The current capitalist crisis is a result of the same causes as all the periodic crises of capitalism: excessive speculation and fictitious credit. Karl Marx explained this 150 years ago. (see K Marx, "The English Commercial and Financial Crisis", New York Tribune, 15 December 1858; re-printed in The Socialist Correspondent, Issue 2, Summer 2008).
These periodic crises lead to the destruction of the means of production and labour power, that is, to factory closures and redundancies, the 'real economy', as it is now being referred to. Unemployment rising, increasing negative equity and house re-possessions, living standards falling are all outcomes of the bankruptcy of capitalism. The current crisis has the makings of one of the most severe. And, what are we offered as solutions by the Labour, Tory, Liberal Democrat and Nationalist parties in the UK? Variations on the same theme: marginally different ways of managing the system. It may seem an empty truism but none of them question the capitalist system as being the root of the problem. Until the system as a system is challenged then we have got to expect more, or worse, of the same. As Paul Sutton in his "Capitalist Crisis: what now? What next?" points out Keynesian solutions are "essentially palliative rather than truly transformative", and argues that there is a need to move on to more fundamental change. Ultimately the overthrow of the capitalist system is the only real solution.
Communist Manifesto
In this context the Communist Manifesto is as relevant today as it was in 1848, when it was first published. Pat Turnbull reviews the Manifesto on its 160th anniversary.
Greg Kaser in his piece, "Speculation, Inflation, Contagion", points the finger at speculation and raises the issue of the "Tobin Tax", a proposed tax on foreign exchange transactions (97% of the $1.3 trillion a day deals in the foreign exchange markets are reportedly for speculative purposes). Interestingly the Canadian Parliament has passed a vote calling for this. Of course this would not change the system. It would be a regulatory mechanism, maybe a regulatory system too far for most capitalists!
As Uri Cohen relates in his article, "Global Finance and the 'New Cold War', with the defeat of socialism, and "under overall US command the Western world morphed into a rolling privatisation, corporate plunder and military intervention machine". Cohen goes on to outline the origins of the current Russo-American conflict. He argues that the West allowed Russia's Yeltsin to "give away Russia's riches to his hand-picked friends as a means of securing the loyalty of the new post-Soviet corporate elite to the US-friendly regime in the Kremlin", and it was because they feared a return to socialism. These "hand-picked friends", who stole Russia's assets, went on to become Russia's oligarchs.
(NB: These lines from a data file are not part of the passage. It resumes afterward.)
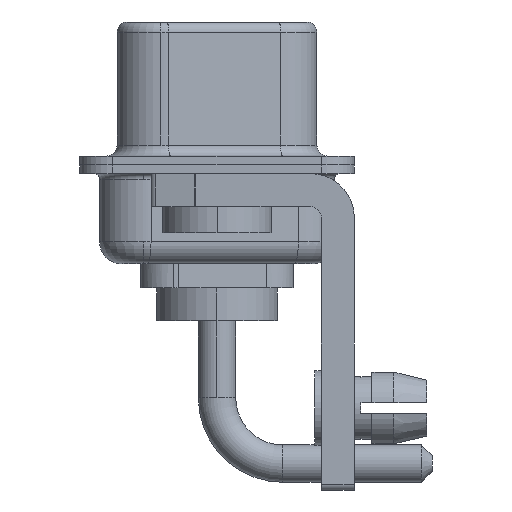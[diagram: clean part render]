
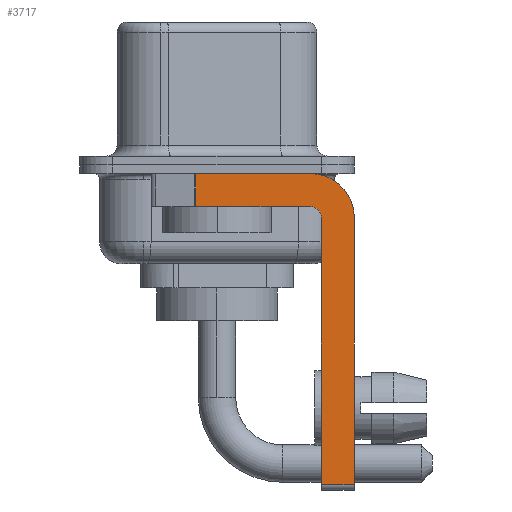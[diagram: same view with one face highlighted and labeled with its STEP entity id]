
A CAD part, left-side view. The second image highlights one B-rep face of the part: STEP entity #3717.
In plain terms, the highlighted planar face has unit normal (-1, 0, 0).
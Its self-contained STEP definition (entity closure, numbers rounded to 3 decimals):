
#267 = DIRECTION ( 'NONE',  ( -1., 0., 0. ) ) ;
#838 = EDGE_CURVE ( 'NONE', #13086, #16265, #4883, .T. ) ;
#930 = LINE ( 'NONE', #18216, #14920 ) ;
#1714 = CIRCLE ( 'NONE', #13766, 0.5 ) ;
#2065 = VECTOR ( 'NONE', #3217, 1000. ) ;
#2250 = ORIENTED_EDGE ( 'NONE', *, *, #2760, .T. ) ;
#2532 = FACE_OUTER_BOUND ( 'NONE', #9871, .T. ) ;
#2760 = EDGE_CURVE ( 'NONE', #15563, #18201, #6917, .T. ) ;
#2939 = DIRECTION ( 'NONE',  ( 1., 0., 0. ) ) ;
#3006 = ORIENTED_EDGE ( 'NONE', *, *, #13674, .F. ) ;
#3217 = DIRECTION ( 'NONE',  ( 0., 0., 1. ) ) ;
#3614 = EDGE_CURVE ( 'NONE', #13580, #5342, #1714, .T. ) ;
#3717 = ADVANCED_FACE ( 'NONE', ( #2532 ), #6785, .F. ) ;
#4260 = DIRECTION ( 'NONE',  ( 0., 0., -1. ) ) ;
#4441 = CARTESIAN_POINT ( 'NONE',  ( -2.9, -4.25, -2.4 ) ) ;
#4515 = LINE ( 'NONE', #11790, #8121 ) ;
#4543 = DIRECTION ( 'NONE',  ( 0., 0., -1. ) ) ;
#4883 = LINE ( 'NONE', #10639, #13854 ) ;
#5269 = CARTESIAN_POINT ( 'NONE',  ( -2.9, -4.25, -2.4 ) ) ;
#5279 = DIRECTION ( 'NONE',  ( 0., 1., 0. ) ) ;
#5342 = VERTEX_POINT ( 'NONE', #8347 ) ;
#5431 = VECTOR ( 'NONE', #4543, 1000. ) ;
#5594 = DIRECTION ( 'NONE',  ( 0., -1., 0. ) ) ;
#6719 = EDGE_CURVE ( 'NONE', #15563, #13580, #13311, .T. ) ;
#6762 = ORIENTED_EDGE ( 'NONE', *, *, #8042, .F. ) ;
#6785 = PLANE ( 'NONE',  #9928 ) ;
#6917 = LINE ( 'NONE', #9748, #15058 ) ;
#7166 = EDGE_CURVE ( 'NONE', #13086, #9261, #4515, .T. ) ;
#8042 = EDGE_CURVE ( 'NONE', #15326, #18201, #16238, .T. ) ;
#8121 = VECTOR ( 'NONE', #13108, 1000. ) ;
#8284 = DIRECTION ( 'NONE',  ( 0., 0., -1. ) ) ;
#8347 = CARTESIAN_POINT ( 'NONE',  ( -2.9, -4.25, -1.9 ) ) ;
#8685 = ORIENTED_EDGE ( 'NONE', *, *, #13321, .F. ) ;
#9261 = VERTEX_POINT ( 'NONE', #10528 ) ;
#9509 = DIRECTION ( 'NONE',  ( 1., 0., 0. ) ) ;
#9748 = CARTESIAN_POINT ( 'NONE',  ( -2.9, -4.25, -14.55 ) ) ;
#9871 = EDGE_LOOP ( 'NONE', ( #13110, #14826, #3006, #11975, #9882, #2250, #6762, #8685 ) ) ;
#9882 = ORIENTED_EDGE ( 'NONE', *, *, #6719, .F. ) ;
#9928 = AXIS2_PLACEMENT_3D ( 'NONE', #5269, #9509, #8284 ) ;
#10472 = CARTESIAN_POINT ( 'NONE',  ( -2.9, -4.25, -2.4 ) ) ;
#10528 = CARTESIAN_POINT ( 'NONE',  ( -2.9, -4.25, -0.4 ) ) ;
#10639 = CARTESIAN_POINT ( 'NONE',  ( -2.9, 0.978, -1.9 ) ) ;
#11583 = CIRCLE ( 'NONE', #18204, 2. ) ;
#11790 = CARTESIAN_POINT ( 'NONE',  ( -2.9, 3., -0.4 ) ) ;
#11975 = ORIENTED_EDGE ( 'NONE', *, *, #3614, .F. ) ;
#13086 = VERTEX_POINT ( 'NONE', #16362 ) ;
#13108 = DIRECTION ( 'NONE',  ( 0., -1., 0. ) ) ;
#13110 = ORIENTED_EDGE ( 'NONE', *, *, #7166, .F. ) ;
#13311 = LINE ( 'NONE', #14938, #2065 ) ;
#13315 = CARTESIAN_POINT ( 'NONE',  ( -2.9, -6.25, -2.4 ) ) ;
#13321 = EDGE_CURVE ( 'NONE', #9261, #15326, #11583, .T. ) ;
#13396 = DIRECTION ( 'NONE',  ( 0., 0., 1. ) ) ;
#13580 = VERTEX_POINT ( 'NONE', #16612 ) ;
#13674 = EDGE_CURVE ( 'NONE', #5342, #16265, #930, .T. ) ;
#13766 = AXIS2_PLACEMENT_3D ( 'NONE', #10472, #267, #13396 ) ;
#13854 = VECTOR ( 'NONE', #16395, 1000. ) ;
#14826 = ORIENTED_EDGE ( 'NONE', *, *, #838, .T. ) ;
#14920 = VECTOR ( 'NONE', #5279, 1000. ) ;
#14938 = CARTESIAN_POINT ( 'NONE',  ( -2.9, -4.75, -14.8 ) ) ;
#15058 = VECTOR ( 'NONE', #5594, 1000. ) ;
#15109 = CARTESIAN_POINT ( 'NONE',  ( -2.9, -6.25, -2.4 ) ) ;
#15310 = CARTESIAN_POINT ( 'NONE',  ( -2.9, -6.25, -14.55 ) ) ;
#15326 = VERTEX_POINT ( 'NONE', #15109 ) ;
#15523 = CARTESIAN_POINT ( 'NONE',  ( -2.9, 0.978, -1.9 ) ) ;
#15563 = VERTEX_POINT ( 'NONE', #17246 ) ;
#16238 = LINE ( 'NONE', #13315, #5431 ) ;
#16265 = VERTEX_POINT ( 'NONE', #15523 ) ;
#16362 = CARTESIAN_POINT ( 'NONE',  ( -2.9, 0.978, -0.4 ) ) ;
#16395 = DIRECTION ( 'NONE',  ( 0., 0., -1. ) ) ;
#16612 = CARTESIAN_POINT ( 'NONE',  ( -2.9, -4.75, -2.4 ) ) ;
#17246 = CARTESIAN_POINT ( 'NONE',  ( -2.9, -4.75, -14.55 ) ) ;
#18201 = VERTEX_POINT ( 'NONE', #15310 ) ;
#18204 = AXIS2_PLACEMENT_3D ( 'NONE', #4441, #2939, #4260 ) ;
#18216 = CARTESIAN_POINT ( 'NONE',  ( -2.9, -4.25, -1.9 ) ) ;

One of those Russian oligarchs is Oleg Deripaska, an aluminium tycoon. Earlier in the year he hosted Nat Rothschild, the British financier, Peter Mandelson, the then EU Trade Commissioner and George Osborne, Shadow Chancellor on his yacht, Queen K off the coast of Corfu. Osborne leaked a story to the media to score a petty political point and ended up with a media scandal and huge, maybe permanent, damage to his long-time friendship with Nat Rothschild, of the extremely wealthy and powerful Rothschild family, as well as his own ambitions. Gideon is George's original name: hence Gideon's Gaffe. The short piece by Questor exposes the connections of politicians, media barons and tycoons.
Peter Mandelson returned from Corfu to become Lord Mandelson and Business Secretary in the New Labour Cabinet. You can see why he was selected as Business Secretary for a government which courts big business. Under his watch as European Trade Commissioner, Mandelson oversaw trade tariff rates reduced on aluminium exports, hugely benefiting Deripaska. This was at the same time as he was imposing Economic Partnership Agreements (EPAs) to the severe disadvantage of the ACP (African, Caribbean, Pacific) countries. This includes a series of clauses in the EPA arrangement which allows the European Union to exert significant influence on the ACP countries' economic governance in a highly partisan and non-developmental manner. This pressure from the richest countries to keep the countries of the developing world within the capitalist fold and prohibit economic independence is very difficult to challenge successfully.
Alex Davidson reflects on the divisions in the African National Congress which led to changes in its leadership and then to the recall of Thabo Mbeki as President of the Republic of South Africa. With the national election looming, the article looks at the underlying causes of the differences and what it might mean for the people under a (certain to be elected) new ANC government.